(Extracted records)

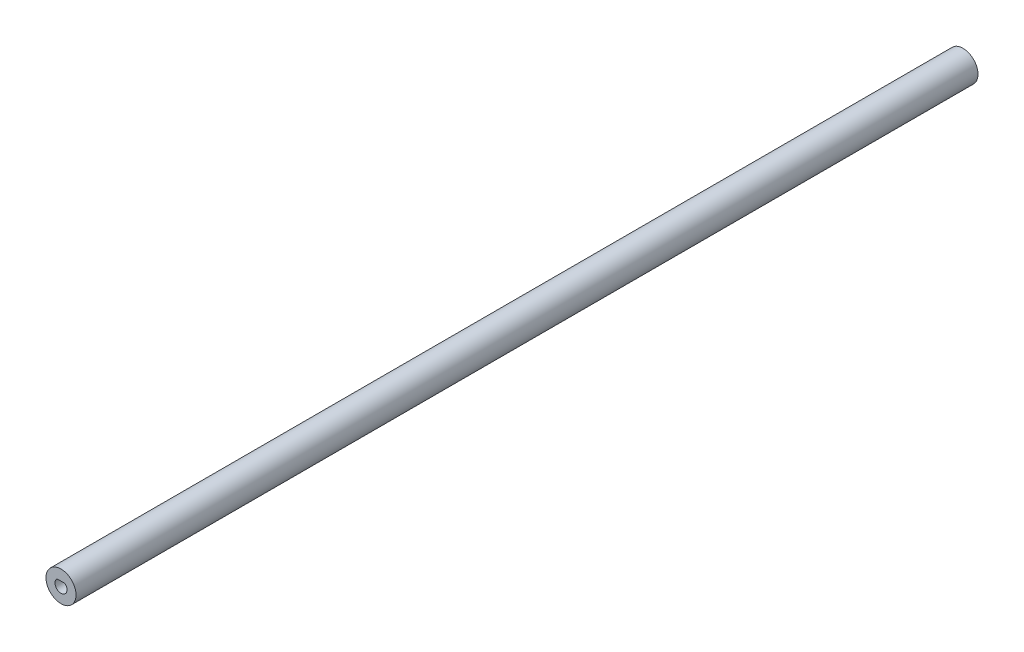
ISO-10303-21;
HEADER;
FILE_DESCRIPTION(('STEP AP214'),'2;1');
FILE_NAME('part.step','',(''),(''),'','','');
FILE_SCHEMA(('AUTOMOTIVE_DESIGN { 1 0 10303 214 1 1 1 1 }'));
ENDSEC;
DATA;
#1=APPLICATION_CONTEXT('core data for automotive mechanical design processes');
#2=APPLICATION_PROTOCOL_DEFINITION('international standard','automotive_design',2000,#1);
#3=PRODUCT_CONTEXT('',#1,'mechanical');
#4=PRODUCT('Part','Part','',(#3));
#5=PRODUCT_RELATED_PRODUCT_CATEGORY('part','',(#4));
#6=PRODUCT_DEFINITION_FORMATION('','',#4);
#7=PRODUCT_DEFINITION_CONTEXT('part definition',#1,'design');
#8=PRODUCT_DEFINITION('design','',#6,#7);
#9=PRODUCT_DEFINITION_SHAPE('','',#8);
#10=(LENGTH_UNIT() NAMED_UNIT(*) SI_UNIT(.MILLI.,.METRE.));
#11=(NAMED_UNIT(*) PLANE_ANGLE_UNIT() SI_UNIT($,.RADIAN.));
#12=(NAMED_UNIT(*) SI_UNIT($,.STERADIAN.) SOLID_ANGLE_UNIT());
#13=UNCERTAINTY_MEASURE_WITH_UNIT(LENGTH_MEASURE(1.E-05),#10,'distance_accuracy_value','');
#14=(GEOMETRIC_REPRESENTATION_CONTEXT(3) GLOBAL_UNCERTAINTY_ASSIGNED_CONTEXT((#13)) GLOBAL_UNIT_ASSIGNED_CONTEXT((#10,
#11,#12)) REPRESENTATION_CONTEXT('',''));
#15=CARTESIAN_POINT('',(0.,0.,0.));
#16=DIRECTION('',(0.,0.,1.));
#17=DIRECTION('',(1.,0.,0.));
#18=AXIS2_PLACEMENT_3D('',#15,#16,#17);
#19=CARTESIAN_POINT('',(-21.928145629141,1.41202452717339,300.));
#20=DIRECTION('',(0.,0.,-1.));
#21=DIRECTION('',(-1.,0.,0.));
#22=AXIS2_PLACEMENT_3D('',#19,#20,#21);
#23=CYLINDRICAL_SURFACE('',#22,5.);
#24=CARTESIAN_POINT('',(-21.928145629141,1.41202452717339,300.));
#25=DIRECTION('',(0.,0.,1.));
#26=DIRECTION('',(1.,0.,0.));
#27=AXIS2_PLACEMENT_3D('',#24,#25,#26);
#28=CIRCLE('',#27,5.);
#29=CARTESIAN_POINT('',(-16.928145629141,1.41202452717339,300.));
#30=VERTEX_POINT('',#29);
#31=EDGE_CURVE('E11',#30,#30,#28,.T.);
#32=ORIENTED_EDGE('',*,*,#31,.F.);
#33=EDGE_LOOP('',(#32));
#34=FACE_BOUND('',#33,.T.);
#35=CARTESIAN_POINT('',(-21.928145629141,1.41202452717339,0.));
#36=DIRECTION('',(0.,0.,1.));
#37=DIRECTION('',(1.,0.,0.));
#38=AXIS2_PLACEMENT_3D('',#35,#36,#37);
#39=CIRCLE('',#38,5.);
#40=CARTESIAN_POINT('',(-16.928145629141,1.41202452717339,0.));
#41=VERTEX_POINT('',#40);
#42=EDGE_CURVE('E41',#41,#41,#39,.T.);
#43=ORIENTED_EDGE('',*,*,#42,.T.);
#44=EDGE_LOOP('',(#43));
#45=FACE_BOUND('',#44,.T.);
#46=ADVANCED_FACE('F38',(#34,#45),#23,.T.);
#47=CARTESIAN_POINT('',(-21.928145629141,1.41202452717339,300.));
#48=DIRECTION('',(0.,0.,1.));
#49=DIRECTION('',(1.,0.,0.));
#50=AXIS2_PLACEMENT_3D('',#47,#48,#49);
#51=PLANE('',#50);
#52=CARTESIAN_POINT('',(-21.928145629141,1.41202452717339,300.));
#53=DIRECTION('',(0.,0.,1.));
#54=DIRECTION('',(1.,0.,0.));
#55=AXIS2_PLACEMENT_3D('',#52,#53,#54);
#56=CIRCLE('',#55,2.);
#57=CARTESIAN_POINT('',(-23.2510212846733,2.91202452717339,300.));
#58=VERTEX_POINT('',#57);
#59=CARTESIAN_POINT('',(-20.6052699736087,2.91202452717339,300.));
#60=VERTEX_POINT('',#59);
#61=EDGE_CURVE('E53',#58,#60,#56,.T.);
#62=ORIENTED_EDGE('',*,*,#61,.F.);
#63=DIRECTION('',(-1.,0.,0.));
#64=VECTOR('',#63,1.);
#65=CARTESIAN_POINT('',(-23.2510212846733,2.91202452717339,300.));
#66=LINE('',#65,#64);
#67=EDGE_CURVE('E73',#60,#58,#66,.T.);
#68=ORIENTED_EDGE('',*,*,#67,.F.);
#69=EDGE_LOOP('',(#62,#68));
#70=FACE_BOUND('',#69,.T.);
#71=ORIENTED_EDGE('',*,*,#31,.T.);
#72=EDGE_LOOP('',(#71));
#73=FACE_BOUND('',#72,.T.);
#74=ADVANCED_FACE('F78',(#70,#73),#51,.T.);
#75=CARTESIAN_POINT('',(-21.928145629141,1.41202452717339,0.));
#76=DIRECTION('',(0.,0.,1.));
#77=DIRECTION('',(1.,0.,0.));
#78=AXIS2_PLACEMENT_3D('',#75,#76,#77);
#79=PLANE('',#78);
#80=ORIENTED_EDGE('',*,*,#42,.F.);
#81=EDGE_LOOP('',(#80));
#82=FACE_BOUND('',#81,.T.);
#83=ADVANCED_FACE('F102',(#82),#79,.F.);
#84=CARTESIAN_POINT('',(-21.928145629141,1.41202452717339,292.));
#85=DIRECTION('',(0.,0.,1.));
#86=DIRECTION('',(1.,0.,0.));
#87=AXIS2_PLACEMENT_3D('',#84,#85,#86);
#88=CYLINDRICAL_SURFACE('',#87,2.);
#89=ORIENTED_EDGE('',*,*,#61,.T.);
#90=DIRECTION('',(0.,0.,1.));
#91=VECTOR('',#90,1.);
#92=CARTESIAN_POINT('',(-20.6052699736087,2.91202452717339,292.));
#93=LINE('',#92,#91);
#94=CARTESIAN_POINT('',(-20.6052699736087,2.91202452717339,292.));
#95=VERTEX_POINT('',#94);
#96=EDGE_CURVE('E70',#95,#60,#93,.T.);
#97=ORIENTED_EDGE('',*,*,#96,.F.);
#98=CARTESIAN_POINT('',(-21.928145629141,1.41202452717339,292.));
#99=DIRECTION('',(0.,0.,1.));
#100=DIRECTION('',(1.,0.,0.));
#101=AXIS2_PLACEMENT_3D('',#98,#99,#100);
#102=CIRCLE('',#101,2.);
#103=CARTESIAN_POINT('',(-23.2510212846733,2.91202452717339,292.));
#104=VERTEX_POINT('',#103);
#105=EDGE_CURVE('E67',#104,#95,#102,.T.);
#106=ORIENTED_EDGE('',*,*,#105,.F.);
#107=DIRECTION('',(0.,0.,1.));
#108=VECTOR('',#107,1.);
#109=CARTESIAN_POINT('',(-23.2510212846733,2.91202452717339,292.));
#110=LINE('',#109,#108);
#111=EDGE_CURVE('E61',#104,#58,#110,.T.);
#112=ORIENTED_EDGE('',*,*,#111,.T.);
#113=EDGE_LOOP('',(#89,#97,#106,#112));
#114=FACE_BOUND('',#113,.T.);
#115=ADVANCED_FACE('F65',(#114),#88,.F.);
#116=CARTESIAN_POINT('',(-23.2510212846733,2.91202452717339,292.));
#117=DIRECTION('',(0.,1.,0.));
#118=DIRECTION('',(0.,0.,1.));
#119=AXIS2_PLACEMENT_3D('',#116,#117,#118);
#120=PLANE('',#119);
#121=ORIENTED_EDGE('',*,*,#67,.T.);
#122=ORIENTED_EDGE('',*,*,#111,.F.);
#123=DIRECTION('',(-1.,0.,0.));
#124=VECTOR('',#123,1.);
#125=CARTESIAN_POINT('',(-23.2510212846733,2.91202452717339,292.));
#126=LINE('',#125,#124);
#127=EDGE_CURVE('E83',#95,#104,#126,.T.);
#128=ORIENTED_EDGE('',*,*,#127,.F.);
#129=ORIENTED_EDGE('',*,*,#96,.T.);
#130=EDGE_LOOP('',(#121,#122,#128,#129));
#131=FACE_BOUND('',#130,.T.);
#132=ADVANCED_FACE('F74',(#131),#120,.F.);
#133=CARTESIAN_POINT('',(-21.928145629141,1.41202452717339,292.));
#134=DIRECTION('',(0.,0.,1.));
#135=DIRECTION('',(1.,0.,0.));
#136=AXIS2_PLACEMENT_3D('',#133,#134,#135);
#137=PLANE('',#136);
#138=ORIENTED_EDGE('',*,*,#105,.T.);
#139=ORIENTED_EDGE('',*,*,#127,.T.);
#140=EDGE_LOOP('',(#138,#139));
#141=FACE_BOUND('',#140,.T.);
#142=ADVANCED_FACE('F90',(#141),#137,.T.);
#143=CLOSED_SHELL('',(#46,#74,#83,#115,#132,#142));
#144=MANIFOLD_SOLID_BREP('B2',#143);
#145=ADVANCED_BREP_SHAPE_REPRESENTATION('',(#18,#144),#14);
#146=SHAPE_DEFINITION_REPRESENTATION(#9,#145);
ENDSEC;
END-ISO-10303-21;

Task brief →
For this exercise, repeat exactly the lines of the data above from the one with "#39=CIRCLE('',#38,5.);" down to the one with "#61=EDGE_CURVE('E53',#58,#60,#56,.T.);", both end lines included.

Task output →
#39=CIRCLE('',#38,5.);
#40=CARTESIAN_POINT('',(-16.928145629141,1.41202452717339,0.));
#41=VERTEX_POINT('',#40);
#42=EDGE_CURVE('E41',#41,#41,#39,.T.);
#43=ORIENTED_EDGE('',*,*,#42,.T.);
#44=EDGE_LOOP('',(#43));
#45=FACE_BOUND('',#44,.T.);
#46=ADVANCED_FACE('F38',(#34,#45),#23,.T.);
#47=CARTESIAN_POINT('',(-21.928145629141,1.41202452717339,300.));
#48=DIRECTION('',(0.,0.,1.));
#49=DIRECTION('',(1.,0.,0.));
#50=AXIS2_PLACEMENT_3D('',#47,#48,#49);
#51=PLANE('',#50);
#52=CARTESIAN_POINT('',(-21.928145629141,1.41202452717339,300.));
#53=DIRECTION('',(0.,0.,1.));
#54=DIRECTION('',(1.,0.,0.));
#55=AXIS2_PLACEMENT_3D('',#52,#53,#54);
#56=CIRCLE('',#55,2.);
#57=CARTESIAN_POINT('',(-23.2510212846733,2.91202452717339,300.));
#58=VERTEX_POINT('',#57);
#59=CARTESIAN_POINT('',(-20.6052699736087,2.91202452717339,300.));
#60=VERTEX_POINT('',#59);
#61=EDGE_CURVE('E53',#58,#60,#56,.T.);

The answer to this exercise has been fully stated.